Washington (May 9, 2017) – Senator Edward J. Markey (D-Mass.) released the following statement today after voting in opposition to the nomination of Dr. Scott Gottlieb to be Commissioner of the Food and Drug Administration (FDA).
“We are suffering a deadly opioid epidemic because the FDA approved dangerous and addictive painkillers, Big Pharma zealously pushed them, and doctors prescribed them with abandon. With close and questionable ties to dozens of big pharmaceuticals companies, I have little faith that Dr. Gottlieb will do what is necessary as the leader of the FDA to end this vicious cycle of opioid addiction.
“The Drug Enforcement Administration is our prescription drug cop-on-the-beat, but Dr. Scott Gottlieb wants to transfer that role to ineffective bureaucrats at the Department of Health and Human Services.
“At the same time, Dr. Gottlieb has also publicly stated his opposition to the FDA’s risk plans that are used to address the safety of opioid painkillers. These vital tools should be made stronger, but Dr. Gottlieb argues that they shouldn’t exist at all.
“Dr. Gottlieb’s Big Pharma formula is simple: Take away DEA oversight over prescription opioids and at the same time, limit the FDA’s ability to utilize its full oversight authority over these addictive products. With the overwhelming majority of heroin users reporting that their addiction began with prescription opioids, it is simply irresponsible that Dr. Gottlieb believes that drug safety doesn’t need strong oversight from both the FDA and DEA.
“Sadly, Dr. Gottlieb is yet another example of President’ Trump’s lack of commitment to realistically address the opioid crisis. By working to repeal the Affordable Care Act, proposing to slash the NIH and ONDCP budgets, and promoting construction of a border wall, President Trump would only make the opioid crisis worse.”

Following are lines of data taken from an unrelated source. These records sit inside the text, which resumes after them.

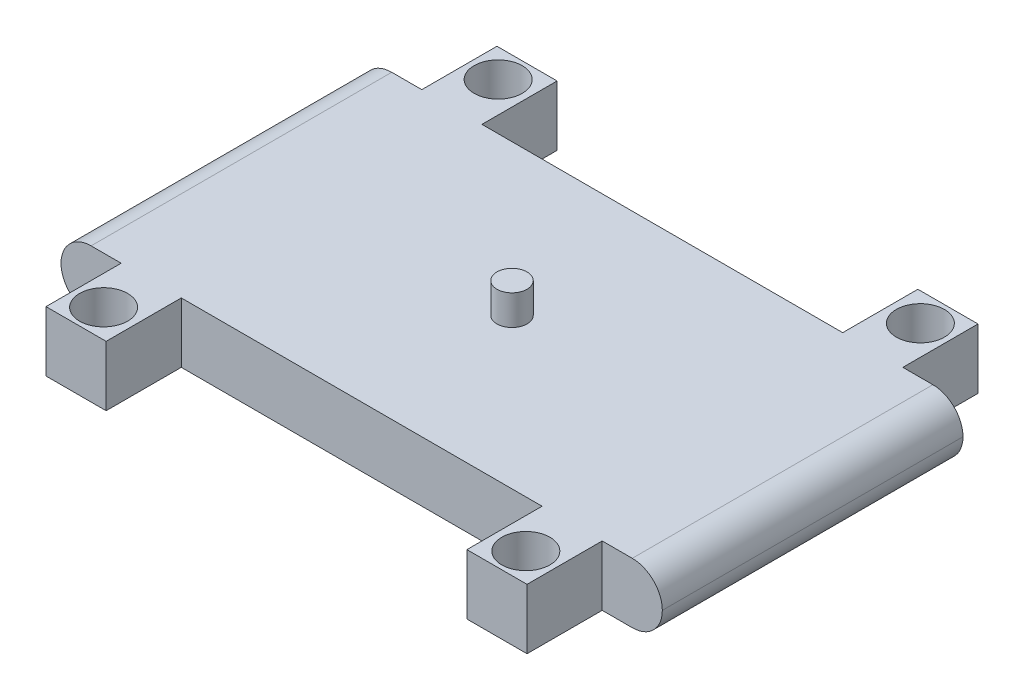
from build123d import *

# Parameters (mm, degrees)
SKETCH1_W           = 200
SKETCH1_H           = 100
BOSS_EXTRUDE1_DEPTH = 20
SKETCH2_W           = 20
SKETCH2_H           = 20
BOSS_EXTRUDE2_DEPTH = 75
SKETCH3_W           = 20
SKETCH3_H           = 20
BOSS_EXTRUDE3_DEPTH = 75
SKETCH4_R           = 8
CUT_EXTRUDE1_DEPTH  = 150
SKETCH5_R           = 5
BOSS_EXTRUDE4_DEPTH = 30
FILLET3_R           = 10
FILLET4_R           = 10


with BuildPart() as part:
    # Sketch1 → Boss-Extrude1 (new body)
    with BuildSketch(Plane(origin=(0, 0, 0), x_dir=(1, 0, 0), z_dir=(0, 1, 0))):
        Rectangle(SKETCH1_W, SKETCH1_H)
    extrude(amount=BOSS_EXTRUDE1_DEPTH)

    # Sketch2 → Boss-Extrude2 (add, symmetric)
    with BuildSketch(Plane.XY):
        with Locations((-70, 10)):
            Rectangle(SKETCH2_W, SKETCH2_H)
    extrude(amount=BOSS_EXTRUDE2_DEPTH, both=True)

    # Sketch3 → Boss-Extrude3 (add, symmetric)
    with BuildSketch(Plane.XY):
        with Locations((70, 10)):
            Rectangle(SKETCH3_W, SKETCH3_H)
    extrude(amount=BOSS_EXTRUDE3_DEPTH, both=True)

    # Sketch4 → Cut-Extrude1 (cut)
    with BuildSketch(Plane(origin=(0, 0, 0), x_dir=(1, 0, 0), z_dir=(0, 1, 0))):
        with Locations(Location((-70.221727327, 65.616664793, 0), (0, 0, 270))):
            Circle(SKETCH4_R)
        with Locations(Location((70.221727327, 65.616664793, 0), (0, 0, 270))):
            Circle(SKETCH4_R)
        with Locations(Location((-70.221727327, -65.616664793, 0), (0, 0, 270))):
            Circle(SKETCH4_R)
        with Locations(Location((70.221727327, -65.616664793, 0), (0, 0, 270))):
            Circle(SKETCH4_R)
    extrude(amount=CUT_EXTRUDE1_DEPTH, mode=Mode.SUBTRACT)

    # Sketch5 → Boss-Extrude4 (add)
    with BuildSketch(Plane(origin=(0, 0, 0), x_dir=(1, 0, 0), z_dir=(0, 1, 0))):
        with Locations(Location((0, 0, 0), (0, 0, 270))):
            Circle(SKETCH5_R)
    extrude(amount=BOSS_EXTRUDE4_DEPTH)

    # Fillet3
    fillet3_edges = [part.edges().sort_by_distance(p)[0] for p in [
        (100, 0, 0),
        (100, 20, 0),
    ]]
    fillet(fillet3_edges, radius=FILLET3_R - 0.0001)  # a hair under: the kernel refuses the full size

    # Fillet4
    fillet4_edges = [part.edges().sort_by_distance(p)[0] for p in [
        (-100, 0, 0),
        (-100, 20, 0),
    ]]
    fillet(fillet4_edges, radius=FILLET4_R - 0.0001)  # a hair under: the kernel refuses the full size


solid = part.part
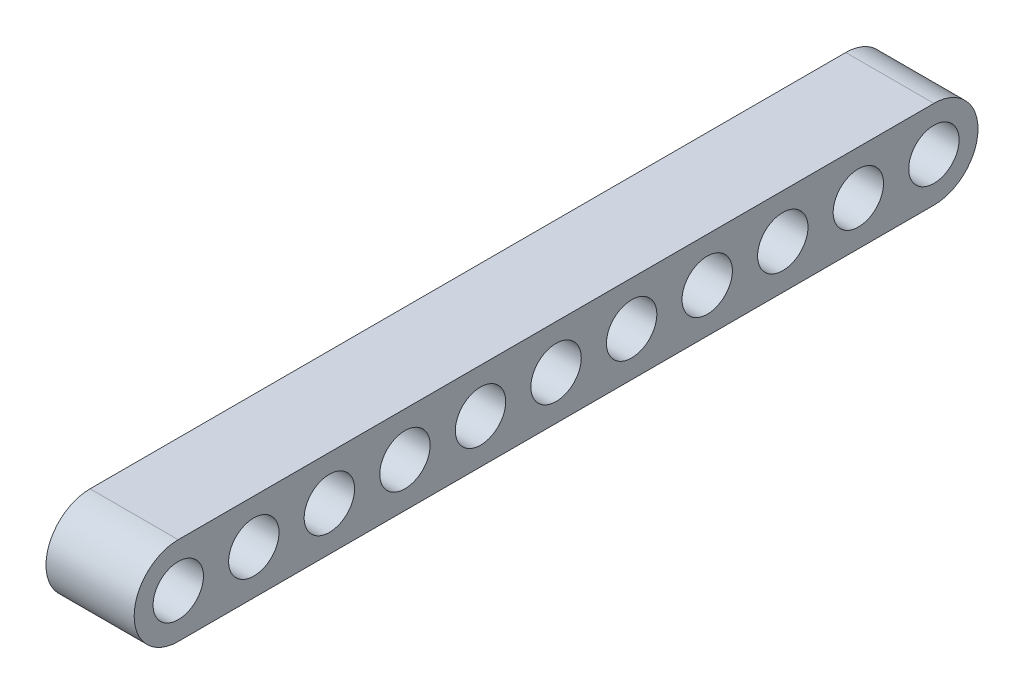
from build123d import *

# Parameters (mm, degrees)
SKETCH1_R           = 20
BOSS_EXTRUDE1_DEPTH = 70


with BuildPart() as part:
    # Sketch1 → Boss-Extrude1 (new body)
    with BuildSketch(Plane(origin=(0, 0, 0), x_dir=(0, 0, -1), z_dir=(1, 0, 0))):
        with BuildLine():
            Line((0, -35), (-600, -35))
            ThreePointArc((-600, -35), (-635, 0), (-600, 35))
            Line((-600, 35), (0, 35))
            ThreePointArc((0, 35), (35, 0), (0, -35))
        make_face()
        with Locations((-600, 0)):
            Circle(SKETCH1_R, mode=Mode.SUBTRACT)
        with Locations((-540, 0)):
            Circle(SKETCH1_R, mode=Mode.SUBTRACT)
        with Locations((-480, 0)):
            Circle(SKETCH1_R, mode=Mode.SUBTRACT)
        with Locations((-420, 0)):
            Circle(SKETCH1_R, mode=Mode.SUBTRACT)
        with Locations((-360, 0)):
            Circle(SKETCH1_R, mode=Mode.SUBTRACT)
        with Locations((-300, 0)):
            Circle(SKETCH1_R, mode=Mode.SUBTRACT)
        with Locations((-240, 0)):
            Circle(SKETCH1_R, mode=Mode.SUBTRACT)
        with Locations((-180, 0)):
            Circle(SKETCH1_R, mode=Mode.SUBTRACT)
        with Locations((-120, 0)):
            Circle(SKETCH1_R, mode=Mode.SUBTRACT)
        with Locations((-60, 0)):
            Circle(SKETCH1_R, mode=Mode.SUBTRACT)
        Circle(SKETCH1_R, mode=Mode.SUBTRACT)
    extrude(amount=BOSS_EXTRUDE1_DEPTH)


solid = part.part
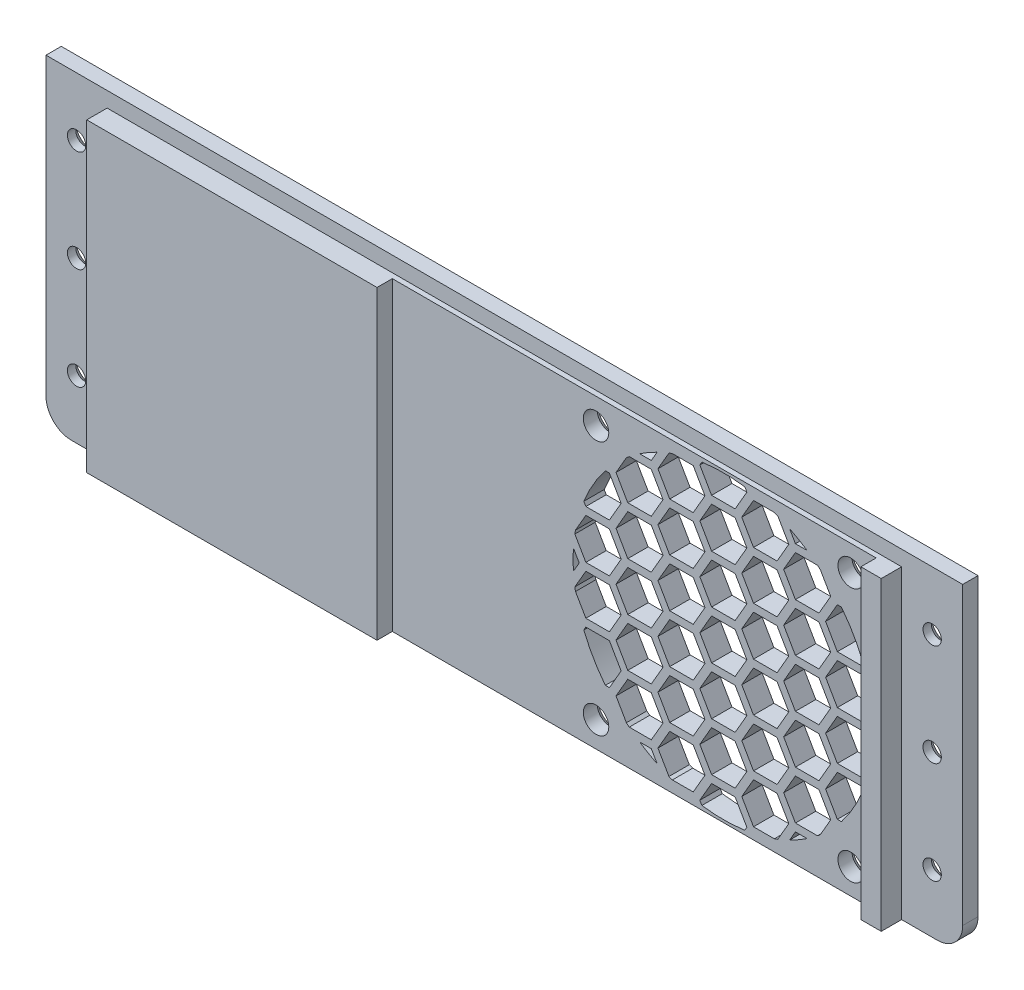
from build123d import *

# Parameters (mm, degrees)
SKETCH1_W                                       = 180
SKETCH1_H                                       = 63
BOSS_EXTRUDE1_DEPTH                             = 3
FILLET1_R                                       = 5
SKETCH2_W                                       = 156
SKETCH2_H                                       = 63
BOSS_EXTRUDE2_DEPTH                             = 4
CSK_FOR_M3_FLAT_HEAD_MACHINE_SCREW1_D           = 3.6
CSK_FOR_M3_FLAT_HEAD_MACHINE_SCREW1_DEPTH       = 8
CSK_FOR_M3_FLAT_HEAD_MACHINE_SCREW1_CSINK_D     = 6.3
CSK_FOR_M3_FLAT_HEAD_MACHINE_SCREW1_CSINK_ANGLE = 90
CSK_FOR_M3_FLAT_HEAD_MACHINE_SCREW1_TIP         = 1.081549114
CSK_FOR_M3_FLAT_HEAD_MACHINE_SCREW3_D           = 5
CSK_FOR_M3_FLAT_HEAD_MACHINE_SCREW3_CSINK_D     = 7.5
CSK_FOR_M3_FLAT_HEAD_MACHINE_SCREW3_CSINK_ANGLE = 90
SKETCH15_W                                      = 95
SKETCH15_H                                      = 63
CUT_EXTRUDE3_DEPTH                              = 3
SKETCH17_R                                      = 29.5
CUT_EXTRUDE7_DEPTH                              = 96.609884426
SKETCH18_W                                      = 180
SKETCH18_H                                      = 8
CUT_EXTRUDE8_DEPTH                              = 3
SKETCH20_W                                      = 30
SKETCH20_H                                      = 59
CUT_EXTRUDE9_DEPTH                              = 96.609884426
BOSS_EXTRUDE3_START                             = -4
BOSS_EXTRUDE3_DEPTH                             = 4
SKETCH20_2_W                                    = 30
SKETCH20_2_H                                    = 59
BOSS_EXTRUDE4_DEPTH                             = 4


# Read off the part's stored shape, not the designer's step: Boss-Extrude3
with BuildPart() as part:
    # Sketch1 → Boss-Extrude1 (new body)
    with BuildSketch(Plane.XY):
        Rectangle(SKETCH1_W, SKETCH1_H)
    extrude(amount=BOSS_EXTRUDE1_DEPTH)

    # Fillet1
    fillet1_edges = [part.edges().sort_by_distance(p)[0] for p in [
        (90, -31.5, 1.5),
        (-90, -31.5, 1.5),
    ]]
    fillet(fillet1_edges, radius=FILLET1_R)

    # Sketch2 → Boss-Extrude2 (add)
    with BuildSketch(Plane.XY.offset(3)):
        Rectangle(SKETCH2_W, SKETCH2_H)
    extrude(amount=BOSS_EXTRUDE2_DEPTH)

    # CSK for M3 Flat Head Machine Screw1
    with Locations(Plane(origin=(0, 0, 0), x_dir=(-1, 0, 0), z_dir=(0, 0, -1))):
        with Locations((-84, 20), (-84, -20), (84, 20), (84, -20), (-84, 0), (84, 0)):
            CounterSinkHole(CSK_FOR_M3_FLAT_HEAD_MACHINE_SCREW1_D / 2, CSK_FOR_M3_FLAT_HEAD_MACHINE_SCREW1_CSINK_D / 2, depth=CSK_FOR_M3_FLAT_HEAD_MACHINE_SCREW1_DEPTH, counter_sink_angle=CSK_FOR_M3_FLAT_HEAD_MACHINE_SCREW1_CSINK_ANGLE)
            with Locations((0, 0, -(CSK_FOR_M3_FLAT_HEAD_MACHINE_SCREW1_DEPTH + CSK_FOR_M3_FLAT_HEAD_MACHINE_SCREW1_TIP / 2))):  # 118° drill point
                Cone(0, CSK_FOR_M3_FLAT_HEAD_MACHINE_SCREW1_D / 2, CSK_FOR_M3_FLAT_HEAD_MACHINE_SCREW1_TIP, mode=Mode.SUBTRACT)

    # CSK for M3 Flat Head Machine Screw3 (through all)
    with Locations(Plane(origin=(0, 0, 0), x_dir=(-1, 0, 0), z_dir=(0, 0, -1))):
        with Locations((-19, 23.5), (-19, -26.5), (-69, -26.5), (-69, 23.5)):
            CounterSinkHole(CSK_FOR_M3_FLAT_HEAD_MACHINE_SCREW3_D / 2, CSK_FOR_M3_FLAT_HEAD_MACHINE_SCREW3_CSINK_D / 2, counter_sink_angle=CSK_FOR_M3_FLAT_HEAD_MACHINE_SCREW3_CSINK_ANGLE)

    # Sketch15 → Cut-Extrude3 (cut)
    with BuildSketch(Plane.XY.offset(7)):
        with Locations((26.5, 0)):
            Rectangle(SKETCH15_W, SKETCH15_H)
    extrude(amount=-CUT_EXTRUDE3_DEPTH, mode=Mode.SUBTRACT)

    # Sketch17 → Cut-Extrude7 (cut, through all)
    with BuildSketch(Plane(origin=(0, 0, 0), x_dir=(-1, 0, 0), z_dir=(0, 0, -1))):
        with Locations((-44, -1.5)):
            Circle(SKETCH17_R)
    extrude(amount=-CUT_EXTRUDE7_DEPTH, mode=Mode.SUBTRACT)

    # Sketch18 → Cut-Extrude8 (cut)
    with BuildSketch(Plane(origin=(0, 31.5, 0), x_dir=(1, 0, 0), z_dir=(0, 1, 0))):
        with Locations((0, -7)):
            Rectangle(SKETCH18_W, SKETCH18_H)
    extrude(amount=-CUT_EXTRUDE8_DEPTH, mode=Mode.SUBTRACT)

    # Sketch20 → Cut-Extrude9 (cut, through all)
    with BuildSketch(Plane(origin=(0, 0, 0), x_dir=(-1, 0, 0), z_dir=(0, 0, -1))):
        with Locations((5, -1.5)):
            Rectangle(SKETCH20_W, SKETCH20_H)
    extrude(amount=-CUT_EXTRUDE9_DEPTH, mode=Mode.SUBTRACT)

    # Boss-Extrude3 outline → Boss-Extrude3 (add)
    # profile 1 of 2: a face of its own
    with BuildSketch(Plane(origin=(0, 0, 0), x_dir=(-1, 0, 0), z_dir=(0, 0, -1)).offset(BOSS_EXTRUDE3_START)):
        Polygon((-10, 2.5), (-8.770598923, 2.5), (-6.461197846, -1.5), (-8.770598923, -5.5), (-10, -5.5), (-10, -7), (-8.770598923, -7), (-6.461197846, -11), (-8.770598923, -15), (-10, -15), (-10, -16.5), (-8.770598923, -16.5), (-6.461197846, -20.5), (-8.770598923, -24.5), (-10, -24.5), (-10, -26), (-8.770598923, -26), (-6.461197846, -30), (-7.038548116, -31), (1.338548116, -31), (0.761197846, -30), (3.070598923, -26), (7.689401077, -26), (9.998802154, -30), (9.421451884, -31), (17.798548116, -31), (17.221197846, -30), (19.530598923, -26), (20, -26), (20, -24.5), (19.530598923, -24.5), (17.221197846, -20.5), (19.530598923, -16.5), (20, -16.5), (20, -15), (19.530598923, -15), (17.221197846, -11), (19.530598923, -7), (20, -7), (20, -5.5), (19.530598923, -5.5), (17.221197846, -1.5), (19.530598923, 2.5), (20, 2.5), (20, 4), (19.530598923, 4), (17.221197846, 8), (19.530598923, 12), (20, 12), (20, 13.5), (19.530598923, 13.5), (17.221197846, 17.5), (19.530598923, 21.5), (20, 21.5), (20, 23), (19.530598923, 23), (17.221197846, 27), (17.798548116, 28), (9.421451884, 28), (9.998802154, 27), (7.689401077, 23), (3.070598923, 23), (0.761197846, 27), (1.338548116, 28), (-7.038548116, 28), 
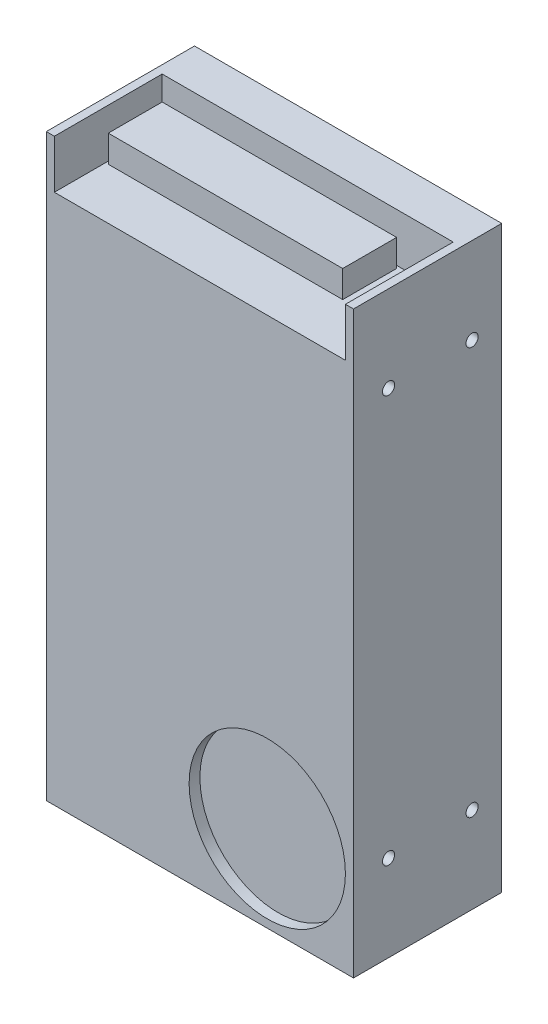
from build123d import *

# Parameters (mm, degrees)
SKETCH1_W           = 114
SKETCH1_H           = 215
BOSS_EXTRUDE1_DEPTH = 55
SKETCH2_W           = 108
SKETCH2_H           = 18
CUT_EXTRUDE1_DEPTH  = 40
SKETCH3_W           = 87
SKETCH3_H           = 20
BOSS_EXTRUDE2_DEPTH = 10
SKETCH4_R           = 29
CUT_EXTRUDE3_DEPTH  = 4
SKETCH5_R           = 2.25
CUT_EXTRUDE4_DEPTH  = 15
SKETCH6_R           = 2.25
CUT_EXTRUDE5_DEPTH  = 167.063993689


with BuildPart() as part:
    # Sketch1 → Boss-Extrude1 (new body)
    with BuildSketch(Plane.XY):
        Rectangle(SKETCH1_W, SKETCH1_H)
    extrude(amount=BOSS_EXTRUDE1_DEPTH)

    # Sketch2 → Cut-Extrude1 (cut)
    with BuildSketch(Plane.XY.offset(55)):
        with Locations((0, 98.5)):
            Rectangle(SKETCH2_W, SKETCH2_H)
    extrude(amount=-CUT_EXTRUDE1_DEPTH, mode=Mode.SUBTRACT)

    # Sketch3 → Boss-Extrude2 (add)
    with BuildSketch(Plane(origin=(0, 89.5, 0), x_dir=(1, 0, 0), z_dir=(0, 1, 0))):
        with Locations((-9.5, -26)):
            Rectangle(SKETCH3_W, SKETCH3_H)
    extrude(amount=BOSS_EXTRUDE2_DEPTH)

    # Sketch4 → Cut-Extrude3 (cut)
    with BuildSketch(Plane.XY.offset(55)):
        with Locations((25, -75.5)):
            Circle(SKETCH4_R)
    extrude(amount=-CUT_EXTRUDE3_DEPTH, mode=Mode.SUBTRACT)

    # Sketch5 → Cut-Extrude4 (cut)
    with BuildSketch(Plane(origin=(0, 0, 0), x_dir=(-1, 0, 0), z_dir=(0, 0, -1))):
        with Locations((-25, 75.5)):
            Circle(SKETCH5_R)
        with Locations((25, 75.5)):
            Circle(SKETCH5_R)
        with Locations((25, -75.5)):
            Circle(SKETCH5_R)
        with Locations((-25, -75.5)):
            Circle(SKETCH5_R)
    extrude(amount=-CUT_EXTRUDE4_DEPTH, mode=Mode.SUBTRACT)

    # Sketch6 → Cut-Extrude5 (cut, through all)
    with BuildSketch(Plane.ZY.offset(57)):
        with Locations((11, 75.5)):
            Circle(SKETCH6_R)
        with Locations((42, 75.5)):
            Circle(SKETCH6_R)
        with Locations((42, -75.5)):
            Circle(SKETCH6_R)
        with Locations((11, -75.5)):
            Circle(SKETCH6_R)
    extrude(amount=-CUT_EXTRUDE5_DEPTH, mode=Mode.SUBTRACT)


solid = part.part

Earlier this month, Senator Markey sent a letter to Dr. Gottlieb requesting details about the nature of the work and financial relationship he had with fentanyl manufacturer Cephalon, a pharmaceutical company was under federal investigation for pushing doctors to prescribe the addictive painkiller for headaches and back pain when it was meant for late-stage cancer patients. A Washington Post story reported that Dr. Gottlieb advocated on behalf of Cephalon while he was previously employed at the FDA, in an attempt to increase the amount of fentanyl the manufacturer could produce. Ultimately, the DEA denied the request, finding that Cephalon and the FDA had no basis for this increased allotment.